What is being asked → Go through the material line by line and tally those containing the string "vertical". Only the tally is wanted.

+++ Source material

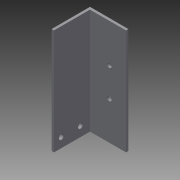
# Autodesk Inventor part: 2x2 angle vertical left
Saved by Autodesk Inventor 2015 SP1 (Build 190203100, 203)
## iProperties
Created: 2015-01-16
Part Number: 2x2 angle vertical left
Material: Generic
Document SubType Name: Modeling
Designer: Jarod
Density: 1 g/cm^3
Appearance: Default
Author: Jarod
Autodesk Inventor part; units mm, degrees
ref_plane "YZ Plane" through (0, 0, 0) normal (1, 0, 0) x (0, 1, 0)
ref_plane "XZ Plane" through (0, 0, 0) normal (0, 1, 0) x (-1, 0, 0)
ref_plane "XY Plane" through (0, 0, 0) normal (0, 0, 1) x (1, 0, 0)
sketch "Sketch1" plane through (0, 0, 0) normal (0, 1, 0) x (-1, 0, 0)
  line L0 (0, 0) -> (-3.175, 0)
  line L1 (-3.175, 0) -> (-3.175, 50.8)
  line L2 (-3.175, 50.8) -> (0, 50.8)
  line L3 (0, 50.8) -> (0, 0)
  line L4 (0, 0) -> (-50.8, 0)
  line L5 (-50.8, 0) -> (-50.8, 3.175)
  line L6 (-50.8, 3.175) -> (0, 3.175)
  line L7 (0, 3.175) -> (0, 0)
  dimension "d0" = 3.175
  dimension "d1" = 50.8
  dimension "d2" = 50.8
  dimension "d3" = 3.175
  constraints: 16 end point, 4 parallel, 2 horizontal, 2 perpendicular
  measures "d0" distance of L1.end L2.end
  measures "d1" distance of L0.end L1.end
  measures "d2" distance of L5.end L6.end
  measures "d3" distance of L4.end L5.end
extrude "Extrusion1" add sketch "Sketch1" against normal blind 139.7
sketch "Sketch3" plane through (0, 0, 0) normal (-1, 0, 0) x (0, 0, 1)
  line L0 (0, 0) -> (50.8, 0) projected
  line L1 (0, 0) -> (0, -139.7) projected
  line L2 (50.8, -139.7) -> (0, -139.7) projected
  line L3 (50.8, 0) -> (50.8, -139.7) projected
  point P0 (15.875, -127)
  point P1 (41.275, -127)
  dimension "d17" = 9.525
  dimension "d18" = 12.7
  dimension "d19" = 12.7
  dimension "d20" = 15.875
  measures "d17" distance from line of L3 point (41.275, -127)
  measures "d18" distance from line of L2 point (41.275, -127)
  measures "d19" distance from line of L2 point (15.875, -127)
  measures "d20" distance from line of L1 point (15.875, -127)
hole "Hole2" at (0, -127, 15.875) at (0, -127, 41.275) direction (1, 0, 0) diameter 6.35 end through all
sketch "Sketch4" plane through (50.8, 0, 0) normal (0, 0, -1) x (-1, 0, 0)
  line L0 (50.8, -139.7) -> (0, -139.7) projected
  line L1 (50.8, 0) -> (50.8, -139.7) projected
  line L2 (0, 0) -> (50.8, 0) projected
  line L3 (0, 0) -> (0, -139.7) projected
  point P0 (22.225, -63.5)
  point P1 (22.225, -101.6)
  dimension "d28" = 28.575
  dimension "d29" = 28.575
  dimension "d30" = 63.5
  dimension "d31" = 101.6
  measures "d28" distance from line of point (22.225, -63.5) L1
  measures "d29" distance from line of L1 point (22.225, -101.6)
  measures "d30" distance from line of L2 point (22.225, -63.5)
  measures "d31" distance from line of point (22.225, -101.6) L2
hole "Hole3" at (28.575, -63.5, 0) at (28.575, -101.6, 0) direction (0, 0, 1) diameter 6.35 end through all
sketch "Sketch5" plane through (0, 0, 0) normal (0, 1, 0) x (1, 0, 0)
  line L0 (0, 0) -> (0, -50.8) projected
  line L1 (0, -50.8) -> (3.175, -50.8) projected
  line L2 (3.175, -50.8) -> (3.175, -3.175) projected
  line L3 (3.175, -3.175) -> (50.8, -3.175) projected
  line L4 (50.8, -3.175) -> (50.8, 0) projected
  line L5 (50.8, 0) -> (0, 0) projected
  line L6 (0, 0) -> (3.175, 0)
  line L7 (3.175, 0) -> (3.175, -50.8)
  line L8 (3.175, -50.8) -> (0, -50.8)
  line L9 (0, -50.8) -> (0, 0)
  constraints: 8 end point, 2 parallel, 1 horizontal, 1 perpendicular
extrude "Extrusion2" add sketch "Sketch5" along normal blind 50.8 contours L5 L7 L2 L1 L0
sketch "Sketch6" plane through (0, 0, 0) normal (0, 1, 0) x (1, 0, 0)
  line L0 (3.175, 0) -> (3.175, -3.175) projected
  line L1 (3.175, -3.175) -> (50.8, -3.175) projected
  line L2 (50.8, -3.175) -> (50.8, 0) projected
  line L3 (50.8, 0) -> (3.175, 0) projected
  line L4 (50.8, 0) -> (28.575, 0)
  line L5 (28.575, 0) -> (28.575, -3.175)
  line L6 (28.575, -3.175) -> (50.8, -3.175)
  line L7 (50.8, -3.175) -> (50.8, 0)
  point P0 (0, 0)
  dimension "d41" = 22.225
  constraints: 8 end point, 2 parallel, 1 horizontal, 1 perpendicular, 1 point on line
  measures "d41" distance of L6.end L5.end
extrude "Extrusion3" cut sketch "Sketch6" against normal blind 50.8 contours L3 L2 L1 L5
sketch "Sketch7" plane through (0, -139.7, 0) normal (-1, 0, 0) x (0, 0, 1)
  circle A0 centre (15.875, 12.7) radius 3.175 projected
  circle A1 centre (41.275, 12.7) radius 3.175 projected
  line L0 (0, 190.5) -> (0, 0) projected
  line L1 (50.8, 0) -> (0, 0) projected
  line L2 (50.8, 0) -> (50.8, 190.5) projected
  line L3 (0, 190.5) -> (50.8, 190.5) projected
  point P0 (0, 139.7)
  point P1 (12.7, 177.8)
  point P2 (38.1, 177.8)
  point P3 (38.1, 152.4)
  point P4 (12.7, 152.4)
  dimension "d44" = 12.7
  dimension "d45" = 38.1
  dimension "d46" = 38.1
  dimension "d47" = 12.7
  dimension "d48" = 12.7
  dimension "d49" = 12.7
  dimension "d50" = 12.7
  dimension "d51" = 12.7
  measures "d44" distance from line of L0 point (12.7, 152.4)
  measures "d45" distance from line of L3 point (12.7, 152.4)
  measures "d46" distance from line of L3 point (38.1, 152.4)
  measures "d47" distance from line of L2 point (38.1, 152.4)
  measures "d48" distance from line of L2 point (38.1, 177.8)
  measures "d49" distance from line of L3 point (38.1, 177.8)
  measures "d50" distance from line of L3 point (12.7, 177.8)
  measures "d51" distance from line of L0 point (12.7, 177.8)
hole "Hole4" at (0, 38.1, 12.7) at (0, 38.1, 38.1) at (0, 12.7, 38.1) at (0, 12.7, 12.7) direction (1, 0, 0) diameter 6.35 end through all
body "Solid1"

++++++

Result → 2